A study released from Northeastern University looked at the use of Vancomycin for Lyme.
The drug which can only be administered
intravenously and is more toxic than most commonly used alternatives. IM therapy may be used but is perhaps very
painful. Oral vancomycin does not leave
the GI tract and is only for C. diff.
Studies are not in
agreement. Zhang found the drug to be relatively
ineffective in vitro, as have others.
The new study found that both
Rocephin and vancomycin are effective against stationary phase cells – round forms
and biofilms. Vancomycin was combined with a quinolone to sterilize a culture.
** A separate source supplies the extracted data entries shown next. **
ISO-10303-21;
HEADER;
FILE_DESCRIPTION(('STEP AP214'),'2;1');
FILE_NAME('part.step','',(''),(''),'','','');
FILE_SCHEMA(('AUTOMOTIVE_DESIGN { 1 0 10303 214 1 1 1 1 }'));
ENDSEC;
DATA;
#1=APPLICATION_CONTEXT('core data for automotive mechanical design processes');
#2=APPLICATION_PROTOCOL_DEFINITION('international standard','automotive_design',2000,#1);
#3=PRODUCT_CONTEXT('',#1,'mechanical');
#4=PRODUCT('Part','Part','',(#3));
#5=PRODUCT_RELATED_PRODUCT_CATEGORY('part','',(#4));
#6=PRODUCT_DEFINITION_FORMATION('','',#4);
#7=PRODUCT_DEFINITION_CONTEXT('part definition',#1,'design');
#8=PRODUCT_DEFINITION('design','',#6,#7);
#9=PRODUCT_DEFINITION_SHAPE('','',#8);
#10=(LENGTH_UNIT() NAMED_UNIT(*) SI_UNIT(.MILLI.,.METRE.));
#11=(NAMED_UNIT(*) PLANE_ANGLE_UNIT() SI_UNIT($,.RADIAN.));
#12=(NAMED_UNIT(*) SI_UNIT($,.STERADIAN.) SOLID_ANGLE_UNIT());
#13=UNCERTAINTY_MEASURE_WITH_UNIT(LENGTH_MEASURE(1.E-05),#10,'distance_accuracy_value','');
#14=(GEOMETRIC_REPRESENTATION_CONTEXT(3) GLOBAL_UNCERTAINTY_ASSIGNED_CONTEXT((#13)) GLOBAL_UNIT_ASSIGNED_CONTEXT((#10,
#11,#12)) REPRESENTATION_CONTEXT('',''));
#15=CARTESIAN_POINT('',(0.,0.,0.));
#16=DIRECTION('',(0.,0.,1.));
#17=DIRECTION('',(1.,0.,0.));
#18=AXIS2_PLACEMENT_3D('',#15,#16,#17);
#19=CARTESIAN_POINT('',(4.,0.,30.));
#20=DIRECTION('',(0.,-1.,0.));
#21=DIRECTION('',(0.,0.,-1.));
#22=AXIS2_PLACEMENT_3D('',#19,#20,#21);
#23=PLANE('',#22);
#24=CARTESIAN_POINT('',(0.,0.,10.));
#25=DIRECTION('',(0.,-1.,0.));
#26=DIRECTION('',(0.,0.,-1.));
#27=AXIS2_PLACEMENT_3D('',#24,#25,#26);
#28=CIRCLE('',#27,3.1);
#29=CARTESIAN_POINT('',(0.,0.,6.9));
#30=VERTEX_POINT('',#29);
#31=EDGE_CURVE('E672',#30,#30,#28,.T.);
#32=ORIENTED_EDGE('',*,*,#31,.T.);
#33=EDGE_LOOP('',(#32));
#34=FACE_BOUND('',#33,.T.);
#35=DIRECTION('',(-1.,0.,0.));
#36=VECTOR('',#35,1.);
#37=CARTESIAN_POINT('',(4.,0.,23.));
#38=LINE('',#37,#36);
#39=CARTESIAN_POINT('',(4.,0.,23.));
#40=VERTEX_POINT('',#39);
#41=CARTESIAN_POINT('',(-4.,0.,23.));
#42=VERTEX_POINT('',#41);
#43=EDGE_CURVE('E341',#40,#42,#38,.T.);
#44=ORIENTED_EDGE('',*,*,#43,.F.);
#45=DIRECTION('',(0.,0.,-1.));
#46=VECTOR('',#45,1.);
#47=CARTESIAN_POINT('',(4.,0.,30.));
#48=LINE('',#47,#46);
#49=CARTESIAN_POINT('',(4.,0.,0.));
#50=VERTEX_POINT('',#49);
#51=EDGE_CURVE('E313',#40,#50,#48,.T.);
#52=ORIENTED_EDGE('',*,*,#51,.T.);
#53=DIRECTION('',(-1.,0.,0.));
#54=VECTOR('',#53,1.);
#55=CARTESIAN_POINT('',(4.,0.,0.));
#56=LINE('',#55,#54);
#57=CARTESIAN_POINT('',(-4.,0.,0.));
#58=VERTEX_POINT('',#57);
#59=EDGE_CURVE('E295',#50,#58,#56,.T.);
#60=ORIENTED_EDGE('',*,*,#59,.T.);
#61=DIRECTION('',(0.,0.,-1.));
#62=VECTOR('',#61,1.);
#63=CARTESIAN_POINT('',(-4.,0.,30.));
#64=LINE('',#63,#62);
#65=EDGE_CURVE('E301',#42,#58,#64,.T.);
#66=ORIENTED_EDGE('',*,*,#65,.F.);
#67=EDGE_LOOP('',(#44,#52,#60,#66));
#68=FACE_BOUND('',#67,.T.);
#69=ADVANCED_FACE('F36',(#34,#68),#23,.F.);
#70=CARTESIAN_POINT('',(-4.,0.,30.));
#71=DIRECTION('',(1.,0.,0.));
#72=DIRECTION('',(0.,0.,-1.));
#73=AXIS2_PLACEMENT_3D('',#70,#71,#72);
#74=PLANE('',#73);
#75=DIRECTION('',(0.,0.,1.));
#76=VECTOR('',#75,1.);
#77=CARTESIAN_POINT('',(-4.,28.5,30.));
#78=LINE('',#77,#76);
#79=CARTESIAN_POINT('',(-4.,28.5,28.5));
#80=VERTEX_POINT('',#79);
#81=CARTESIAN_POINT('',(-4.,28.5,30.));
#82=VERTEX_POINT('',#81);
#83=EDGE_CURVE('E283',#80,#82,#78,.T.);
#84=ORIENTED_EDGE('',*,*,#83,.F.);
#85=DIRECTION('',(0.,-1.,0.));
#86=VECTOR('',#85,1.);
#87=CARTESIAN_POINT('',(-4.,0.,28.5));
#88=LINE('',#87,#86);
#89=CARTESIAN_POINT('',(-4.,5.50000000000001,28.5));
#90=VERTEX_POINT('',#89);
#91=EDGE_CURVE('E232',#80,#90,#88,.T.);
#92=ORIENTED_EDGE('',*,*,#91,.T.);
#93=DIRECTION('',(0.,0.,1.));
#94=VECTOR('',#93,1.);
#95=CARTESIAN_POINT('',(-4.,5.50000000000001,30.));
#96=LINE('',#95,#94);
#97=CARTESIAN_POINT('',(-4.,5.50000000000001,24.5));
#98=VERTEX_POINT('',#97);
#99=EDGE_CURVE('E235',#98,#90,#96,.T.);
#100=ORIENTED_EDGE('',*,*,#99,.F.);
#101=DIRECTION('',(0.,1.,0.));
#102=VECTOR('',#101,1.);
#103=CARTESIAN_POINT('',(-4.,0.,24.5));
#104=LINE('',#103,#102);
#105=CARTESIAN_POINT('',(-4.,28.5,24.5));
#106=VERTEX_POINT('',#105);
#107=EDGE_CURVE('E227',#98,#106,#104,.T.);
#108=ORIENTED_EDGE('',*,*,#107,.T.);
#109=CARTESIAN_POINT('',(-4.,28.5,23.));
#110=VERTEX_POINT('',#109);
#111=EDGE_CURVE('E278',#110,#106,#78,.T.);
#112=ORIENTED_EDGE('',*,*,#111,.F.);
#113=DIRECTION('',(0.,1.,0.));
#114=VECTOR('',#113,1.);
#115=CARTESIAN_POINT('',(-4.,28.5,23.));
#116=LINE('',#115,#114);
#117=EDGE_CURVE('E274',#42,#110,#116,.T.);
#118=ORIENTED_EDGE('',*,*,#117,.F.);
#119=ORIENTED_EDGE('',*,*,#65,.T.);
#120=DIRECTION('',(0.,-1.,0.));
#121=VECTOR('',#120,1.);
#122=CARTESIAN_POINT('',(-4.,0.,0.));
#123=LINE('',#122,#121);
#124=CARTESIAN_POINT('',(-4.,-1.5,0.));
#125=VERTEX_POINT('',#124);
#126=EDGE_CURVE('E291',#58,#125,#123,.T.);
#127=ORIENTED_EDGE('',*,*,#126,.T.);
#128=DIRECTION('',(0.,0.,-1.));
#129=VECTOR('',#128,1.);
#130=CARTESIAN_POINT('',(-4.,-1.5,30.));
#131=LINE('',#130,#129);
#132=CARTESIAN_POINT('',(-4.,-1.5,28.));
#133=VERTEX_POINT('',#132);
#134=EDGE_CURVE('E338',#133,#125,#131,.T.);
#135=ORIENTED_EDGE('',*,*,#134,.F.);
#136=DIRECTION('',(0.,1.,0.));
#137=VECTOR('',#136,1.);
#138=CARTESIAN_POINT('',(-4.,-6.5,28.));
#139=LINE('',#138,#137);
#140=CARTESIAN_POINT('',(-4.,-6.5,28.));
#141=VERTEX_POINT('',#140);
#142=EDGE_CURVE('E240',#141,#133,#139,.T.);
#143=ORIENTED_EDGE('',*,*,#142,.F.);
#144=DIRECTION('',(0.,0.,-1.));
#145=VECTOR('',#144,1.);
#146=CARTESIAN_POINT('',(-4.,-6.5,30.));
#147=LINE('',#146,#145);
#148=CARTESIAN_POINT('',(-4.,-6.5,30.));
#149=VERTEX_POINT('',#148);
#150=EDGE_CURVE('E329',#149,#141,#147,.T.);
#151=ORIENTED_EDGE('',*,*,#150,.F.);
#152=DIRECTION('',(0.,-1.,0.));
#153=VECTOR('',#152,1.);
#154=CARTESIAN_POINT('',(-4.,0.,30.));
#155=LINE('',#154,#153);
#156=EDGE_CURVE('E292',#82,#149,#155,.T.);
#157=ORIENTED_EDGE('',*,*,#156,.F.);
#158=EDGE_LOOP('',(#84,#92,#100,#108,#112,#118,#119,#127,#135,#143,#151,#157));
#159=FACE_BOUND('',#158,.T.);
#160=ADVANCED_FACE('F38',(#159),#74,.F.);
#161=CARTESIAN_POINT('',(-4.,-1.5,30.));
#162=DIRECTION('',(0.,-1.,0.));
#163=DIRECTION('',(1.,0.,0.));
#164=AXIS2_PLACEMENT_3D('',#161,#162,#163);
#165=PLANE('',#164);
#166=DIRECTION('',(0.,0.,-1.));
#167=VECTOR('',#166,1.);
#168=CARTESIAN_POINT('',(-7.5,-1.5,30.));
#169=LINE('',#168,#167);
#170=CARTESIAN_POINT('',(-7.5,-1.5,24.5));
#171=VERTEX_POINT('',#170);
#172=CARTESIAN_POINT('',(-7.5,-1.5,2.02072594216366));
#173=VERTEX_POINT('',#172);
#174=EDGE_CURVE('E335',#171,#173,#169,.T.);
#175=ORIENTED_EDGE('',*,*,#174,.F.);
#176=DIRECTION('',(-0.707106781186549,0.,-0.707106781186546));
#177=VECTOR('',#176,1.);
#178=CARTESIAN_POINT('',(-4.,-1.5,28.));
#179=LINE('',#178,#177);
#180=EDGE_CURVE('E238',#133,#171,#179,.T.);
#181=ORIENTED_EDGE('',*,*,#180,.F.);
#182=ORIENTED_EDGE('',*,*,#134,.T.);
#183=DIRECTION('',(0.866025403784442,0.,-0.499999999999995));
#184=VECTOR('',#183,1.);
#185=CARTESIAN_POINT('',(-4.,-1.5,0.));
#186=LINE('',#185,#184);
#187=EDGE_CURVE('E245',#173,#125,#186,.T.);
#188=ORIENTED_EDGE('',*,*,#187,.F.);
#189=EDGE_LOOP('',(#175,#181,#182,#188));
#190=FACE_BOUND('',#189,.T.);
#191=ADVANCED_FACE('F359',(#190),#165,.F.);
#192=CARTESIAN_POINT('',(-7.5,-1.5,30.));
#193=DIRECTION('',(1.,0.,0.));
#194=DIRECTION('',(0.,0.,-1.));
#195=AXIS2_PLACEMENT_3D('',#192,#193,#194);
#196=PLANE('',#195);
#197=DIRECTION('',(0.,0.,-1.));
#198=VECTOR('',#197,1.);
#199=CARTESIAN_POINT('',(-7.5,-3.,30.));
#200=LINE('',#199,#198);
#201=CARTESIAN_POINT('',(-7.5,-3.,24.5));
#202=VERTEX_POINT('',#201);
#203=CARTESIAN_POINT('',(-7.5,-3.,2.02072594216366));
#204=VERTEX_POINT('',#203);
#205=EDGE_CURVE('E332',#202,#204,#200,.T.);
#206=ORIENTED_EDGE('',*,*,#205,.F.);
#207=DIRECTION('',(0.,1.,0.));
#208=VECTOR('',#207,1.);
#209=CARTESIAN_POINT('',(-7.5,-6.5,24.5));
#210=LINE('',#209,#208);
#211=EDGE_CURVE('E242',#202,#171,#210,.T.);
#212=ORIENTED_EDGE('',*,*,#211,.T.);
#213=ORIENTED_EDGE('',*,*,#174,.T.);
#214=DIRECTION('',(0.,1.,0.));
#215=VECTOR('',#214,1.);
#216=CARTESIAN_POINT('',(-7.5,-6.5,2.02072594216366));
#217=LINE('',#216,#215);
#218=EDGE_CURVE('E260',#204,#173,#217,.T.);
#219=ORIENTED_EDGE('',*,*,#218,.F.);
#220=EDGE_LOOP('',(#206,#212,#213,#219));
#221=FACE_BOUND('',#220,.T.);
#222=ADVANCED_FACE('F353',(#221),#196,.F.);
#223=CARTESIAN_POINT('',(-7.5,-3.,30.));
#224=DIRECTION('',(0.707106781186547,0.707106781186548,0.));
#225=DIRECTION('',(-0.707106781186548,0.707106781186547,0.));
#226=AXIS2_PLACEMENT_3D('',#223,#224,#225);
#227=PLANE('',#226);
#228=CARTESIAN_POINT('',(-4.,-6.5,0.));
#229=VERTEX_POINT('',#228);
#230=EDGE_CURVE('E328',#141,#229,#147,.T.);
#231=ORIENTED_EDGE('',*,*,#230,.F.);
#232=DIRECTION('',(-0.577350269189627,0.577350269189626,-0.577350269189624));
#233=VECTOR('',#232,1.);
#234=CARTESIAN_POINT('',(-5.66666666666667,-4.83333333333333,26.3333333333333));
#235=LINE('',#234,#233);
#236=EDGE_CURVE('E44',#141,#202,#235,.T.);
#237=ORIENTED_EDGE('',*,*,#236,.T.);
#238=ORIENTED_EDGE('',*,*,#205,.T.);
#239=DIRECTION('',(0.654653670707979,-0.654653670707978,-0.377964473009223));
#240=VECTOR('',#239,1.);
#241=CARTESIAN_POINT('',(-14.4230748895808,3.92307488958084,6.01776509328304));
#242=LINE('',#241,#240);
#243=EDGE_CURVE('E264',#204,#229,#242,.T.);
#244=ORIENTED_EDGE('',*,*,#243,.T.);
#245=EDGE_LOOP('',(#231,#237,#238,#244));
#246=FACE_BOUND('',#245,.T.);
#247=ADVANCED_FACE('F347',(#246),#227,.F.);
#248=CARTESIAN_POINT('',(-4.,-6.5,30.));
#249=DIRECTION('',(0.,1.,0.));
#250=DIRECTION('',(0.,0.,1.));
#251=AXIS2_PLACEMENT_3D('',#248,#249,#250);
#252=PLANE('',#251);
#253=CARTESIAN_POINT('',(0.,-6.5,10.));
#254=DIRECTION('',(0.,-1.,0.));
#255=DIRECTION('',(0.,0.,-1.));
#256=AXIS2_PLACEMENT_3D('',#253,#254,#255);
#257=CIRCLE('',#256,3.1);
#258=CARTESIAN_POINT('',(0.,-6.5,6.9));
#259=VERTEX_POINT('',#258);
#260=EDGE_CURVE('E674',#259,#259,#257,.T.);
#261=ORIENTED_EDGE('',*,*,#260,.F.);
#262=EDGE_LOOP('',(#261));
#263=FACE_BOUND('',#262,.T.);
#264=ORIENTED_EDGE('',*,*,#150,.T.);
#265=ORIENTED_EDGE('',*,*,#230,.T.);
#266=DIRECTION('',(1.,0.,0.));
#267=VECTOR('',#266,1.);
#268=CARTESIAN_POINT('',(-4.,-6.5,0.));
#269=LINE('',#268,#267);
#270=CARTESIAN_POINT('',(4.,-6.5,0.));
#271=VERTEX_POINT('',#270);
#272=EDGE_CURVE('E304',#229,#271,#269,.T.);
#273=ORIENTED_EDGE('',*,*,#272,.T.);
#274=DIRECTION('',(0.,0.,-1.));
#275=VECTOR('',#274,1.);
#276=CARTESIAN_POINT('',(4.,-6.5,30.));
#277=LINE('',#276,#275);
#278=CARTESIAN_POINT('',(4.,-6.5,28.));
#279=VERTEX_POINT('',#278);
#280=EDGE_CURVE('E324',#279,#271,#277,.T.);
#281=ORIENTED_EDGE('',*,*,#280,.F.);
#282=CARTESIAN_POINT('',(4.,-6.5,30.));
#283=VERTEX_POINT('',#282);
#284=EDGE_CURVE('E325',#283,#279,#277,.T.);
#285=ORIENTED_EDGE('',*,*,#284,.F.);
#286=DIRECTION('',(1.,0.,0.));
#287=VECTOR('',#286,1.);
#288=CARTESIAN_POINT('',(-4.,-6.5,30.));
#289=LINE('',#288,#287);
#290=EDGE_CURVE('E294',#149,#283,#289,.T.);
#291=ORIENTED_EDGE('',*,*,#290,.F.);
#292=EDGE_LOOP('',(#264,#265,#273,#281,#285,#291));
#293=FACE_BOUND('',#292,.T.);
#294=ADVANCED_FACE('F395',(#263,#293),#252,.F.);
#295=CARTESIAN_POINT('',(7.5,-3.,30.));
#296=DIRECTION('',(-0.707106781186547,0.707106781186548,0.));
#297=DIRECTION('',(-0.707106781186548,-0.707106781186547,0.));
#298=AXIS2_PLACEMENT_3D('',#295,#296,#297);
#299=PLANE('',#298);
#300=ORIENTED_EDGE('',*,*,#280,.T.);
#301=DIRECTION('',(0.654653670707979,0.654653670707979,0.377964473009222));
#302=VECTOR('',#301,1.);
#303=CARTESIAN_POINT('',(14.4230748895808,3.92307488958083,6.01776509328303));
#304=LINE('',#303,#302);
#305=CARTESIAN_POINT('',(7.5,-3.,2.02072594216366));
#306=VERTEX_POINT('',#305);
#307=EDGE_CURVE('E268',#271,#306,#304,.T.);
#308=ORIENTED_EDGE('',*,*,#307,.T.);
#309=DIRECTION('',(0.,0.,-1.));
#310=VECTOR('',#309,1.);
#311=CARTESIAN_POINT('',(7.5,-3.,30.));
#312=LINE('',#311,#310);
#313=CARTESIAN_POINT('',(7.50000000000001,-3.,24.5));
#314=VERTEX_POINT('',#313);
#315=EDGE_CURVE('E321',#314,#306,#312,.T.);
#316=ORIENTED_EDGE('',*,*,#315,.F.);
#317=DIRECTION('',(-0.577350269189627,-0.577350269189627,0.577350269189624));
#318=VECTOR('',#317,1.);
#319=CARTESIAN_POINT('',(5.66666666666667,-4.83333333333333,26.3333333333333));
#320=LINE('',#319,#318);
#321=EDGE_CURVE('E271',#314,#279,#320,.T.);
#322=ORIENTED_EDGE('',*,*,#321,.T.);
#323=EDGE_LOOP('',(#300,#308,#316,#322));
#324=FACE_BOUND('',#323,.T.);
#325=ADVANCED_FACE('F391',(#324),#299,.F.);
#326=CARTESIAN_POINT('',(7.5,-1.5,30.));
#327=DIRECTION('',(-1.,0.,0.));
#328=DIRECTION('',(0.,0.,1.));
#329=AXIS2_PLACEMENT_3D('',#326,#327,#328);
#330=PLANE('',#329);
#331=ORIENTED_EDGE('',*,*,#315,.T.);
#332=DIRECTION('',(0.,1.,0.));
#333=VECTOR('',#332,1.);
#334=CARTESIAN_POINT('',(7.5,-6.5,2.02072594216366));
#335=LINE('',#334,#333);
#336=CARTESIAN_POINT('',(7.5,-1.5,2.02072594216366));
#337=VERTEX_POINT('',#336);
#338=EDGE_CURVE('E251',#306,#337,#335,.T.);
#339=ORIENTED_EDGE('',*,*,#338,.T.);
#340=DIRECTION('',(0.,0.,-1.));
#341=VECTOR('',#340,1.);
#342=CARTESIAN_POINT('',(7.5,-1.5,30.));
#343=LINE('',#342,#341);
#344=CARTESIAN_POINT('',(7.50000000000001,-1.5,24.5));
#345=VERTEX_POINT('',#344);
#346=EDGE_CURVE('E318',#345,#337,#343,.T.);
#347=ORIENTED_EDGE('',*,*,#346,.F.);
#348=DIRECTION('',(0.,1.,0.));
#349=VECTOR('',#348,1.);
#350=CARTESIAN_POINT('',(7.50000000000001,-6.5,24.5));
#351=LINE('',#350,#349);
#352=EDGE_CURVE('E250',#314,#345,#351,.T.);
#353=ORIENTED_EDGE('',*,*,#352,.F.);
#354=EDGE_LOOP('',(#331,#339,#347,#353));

In an immune deficient mouse doxycycline did not clear disseminated but both
ceftriaxone (Rocephin) and Vancomycin were effective.
Vancomycin may be slightly
better than Rocephin but this far from clear.
Both inhibit peptidoglycan synthesis, the basis for cell walls.
In 2017, the Biophysical
Journal published a study about the impact of Vancomycin on Lyme spirochete
motility, significantly impaired. The
Peptidoglycan – cell wall material (under an outer membrane) was weakened with
low concentrations, subtherapeutic, of vancomycin which also inhibited the
formation of round forms or blebs. Wounded
spirochetes, unable to swim very far may do little harm.
The drug may prove very useful, especially with
subtherapeutic dosing, within a cocktail approach.
Vancomycin has been used for
decades in the treatment of MRSA, a feared superbug.
The drug is very nephrotoxic and
can cause irreversible kidney failure: serum concentrations and renal functions
must be watched carefully.
Although vancomycin is not
hoarded over by ID docs like daptomycin, ID doctors will be concerned about
sudden wild use of the drug.
Going back further, 1996 – A G
Barbour, an IDSA stalwart, found the following. Vancomycin eliminated Lyme in
immunodeficient mice only when given within 3 days of infection. When given at
7 days post infection the germs persisted; viable spirochetes were found in the
mouse brains.
In 1993 Barbour demonstrated that
in vitro vancomycin was an effective anti-Lyme therapy.
It has been long known that
vancomycin has anti-Lyme activity.
We need to know a lot more.
Treating Lyme falls within
the large purview of “the art of medicine.” In “the system” so called evidence-based
guidelines dictate medical practice. The guidelines dictate what the disease
looks like and how it is to be treated.
The existence of chronic Lyme
as we know it is soundly rejected. Nothing has changed.
Doctors who believe in
chronic Lyme agree on a several things:
Lyme is a tragic, underappreciated epidemic; Lyme is very difficult to
treat; Lyme has many faces, the “great imitator;” coinfections are an
unappreciated huge factor and I am sure a few other things.
Doctors collectively known as
LLMDs are a heterogenous group. They don’t
agree on how best to treat the illness(es). Doctors who treat the disease(s) realize we
still know very little as we try to improve our approaches as times moves on.
It is important not to jump
on every new therapy as “the answer” and be mindful of toxicity and First do no
harm.
I ask readers to refrain from jumping from preliminary preclinical small, limited basic science trial data and making quantum leaps to a new people therapy.
Vancomycin, unfortunately, is
not the cure.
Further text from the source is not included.